My father had a line he’d deploy any time I reached for the wrong tool: “Use the right tool for the job, or waste all your time.” I heard it a hundred times, but the lesson that stuck came from a treehouse. I wanted to start nailing boards to the maple in the backyard the day we bought the lumber. He made me climb the tree first — with a tape measure. Measure the trunk. Measure the spread of the branches. Figure out what the tree could actually hold before a single cut. Then cut to the measurements. Then build. And every spring after, he’d send me up to check the joints, because the tree keeps growing whether your treehouse does or not.

Thirty-some years later, I watch businesses do the opposite with AI every single week. They buy the lumber first — the chatbot, the agent platform, the automation suite — nail it to whatever branch is closest, and then stand back wondering why the floor’s crooked.

Here’s the thesis, and it’s the same one that runs through everything we build: AI alone doesn’t fix a business. It’s a tool — a genuinely remarkable one — that only pays off as part of a bigger solution built around how your business actually works. If you’ve read our pillar guide on how to scale small business operations, you already know the doctrine: process first, then technology. AI doesn’t get an exemption from that rule. If anything, AI punishes you harder for skipping it.

So this is the method, in my father’s three words: Measure, Cut, Build. Measure the tree. Cut to fit. Build it — and keep climbing up to check the joints. If you’d rather start by measuring, meet Cyris, our AI Operations Associate, and run your readiness consultation — then come back for the method behind the numbers.

What we’ll cover:

Why Does AI Adoption Fail in Small Business? (It’s Not the AI)

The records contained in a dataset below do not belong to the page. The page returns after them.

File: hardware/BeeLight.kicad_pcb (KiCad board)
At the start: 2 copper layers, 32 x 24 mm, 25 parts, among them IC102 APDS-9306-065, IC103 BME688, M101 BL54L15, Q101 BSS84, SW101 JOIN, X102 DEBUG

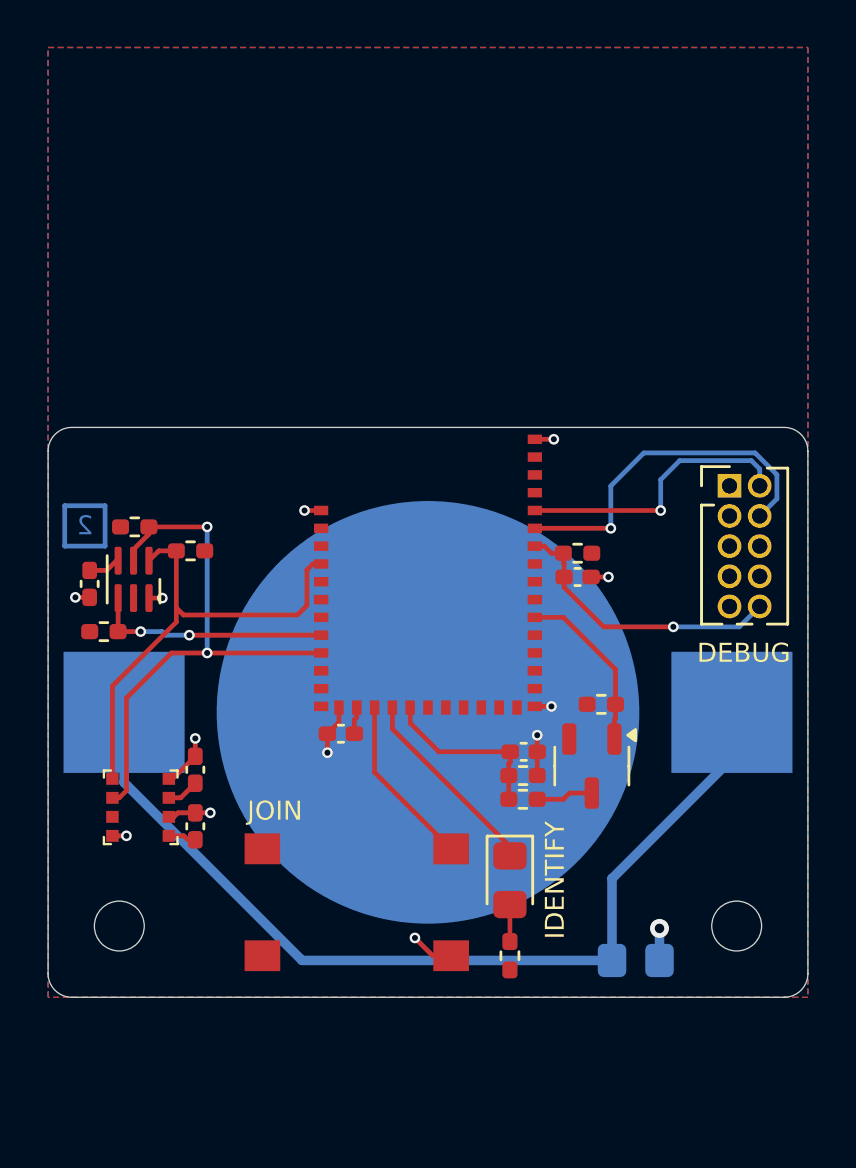
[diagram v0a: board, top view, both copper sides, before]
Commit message: Feature: Issue #28
- Switch from CR2032 to CR2477 batteries for longer runtime

Closes #28

Signed-off-by: Daniel Kampert <DanielKampert@kampis-elektroecke.de>
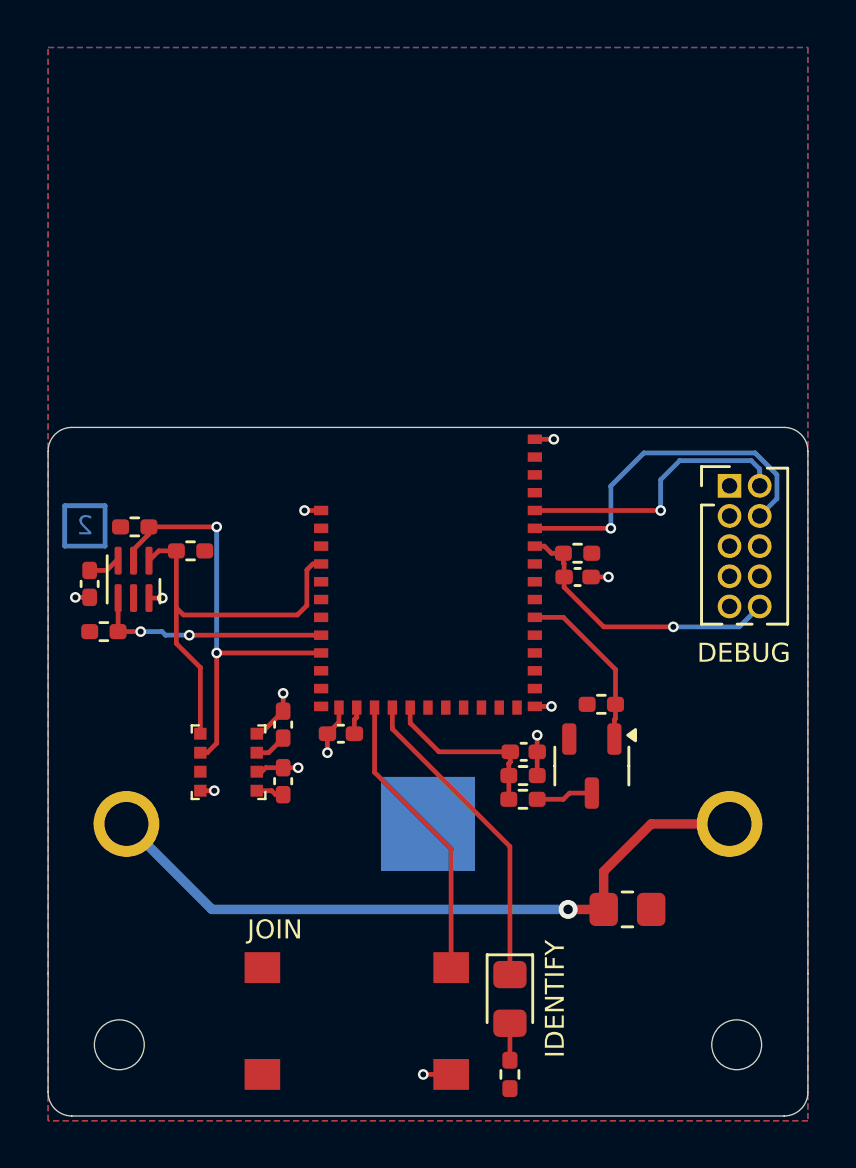
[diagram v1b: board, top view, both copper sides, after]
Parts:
- removed the REF** at (125.0, 103.0)
- removed the REF** at (151.0, 103.0)
- added REF**: MountingHole_2.1mm, MountingHole:MountingHole_2.1mm, F.Cu at (151.0, 108.0)
- added REF**: MountingHole_2.1mm, MountingHole:MountingHole_2.1mm, F.Cu at (125.0, 108.0)
- BT101: footprint Keystone:3002 -> Keystone:3039
- R102: moved to F.Cu
- moved D101 5.00 mm to (141.4, 106.1)
- moved R103 5.00 mm to (141.4, 109.2)
- moved SW101 5.00 mm to (135.0, 107.0)
- moved BT101 4.70 mm to (138.0, 98.7)
- moved C106 4.16 mm to (131.9, 94.5)
- moved C105 4.16 mm to (131.9, 96.9)
- moved IC103 4.16 mm to (129.6, 96.1)
- moved R102 2.18 mm to (146.4, 102.3)
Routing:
- net Net-(BT101-+): track 39.1 -> 29.3 mm, vias 0 -> 1
- net Net-(M101-P1.00/32K): track 7.29 -> 12.3 mm
- net Net-(D101-K): track 8.30 -> 13.3 mm
- net SDA: track 23.1 -> 18.9 mm
- net SCL: track 20.0 -> 17.4 mm
- net +BATT: track 6.41 -> 5.06 mm, vias 1 -> 0
- net GND: track 14.4 -> 13.7 mm
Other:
- board size 32 x 24 mm -> 32 x 29 mm

AI adoption fails primarily because nobody redesigns the workflow around the tool — not because the AI is weak. Businesses bolt AI onto undefined processes, skip baseline measurement, and never establish oversight, so the tool has no defined job, no yardstick, and no maintenance. The technology gets blamed for a planning failure.

The numbers on this are genuinely brutal:

Read those three findings together and the pattern is impossible to miss. The tool isn’t the variable. The work done around the tool is the variable. Nailing boards to an unmeasured tree fails at the same rate whether the lumber is premium or not.

The rest of this article is the work done around the tool.

Stage 1 — Measure: Map How Your Team Actually Works Before You Buy Anything

Before my dad let a single board near that maple, I was up the tree with a tape measure. Before a single AI subscription touches your business, you’re doing the same climb: gathering actual data about how your employees work — not the org-chart version, not the version in your head, the real one.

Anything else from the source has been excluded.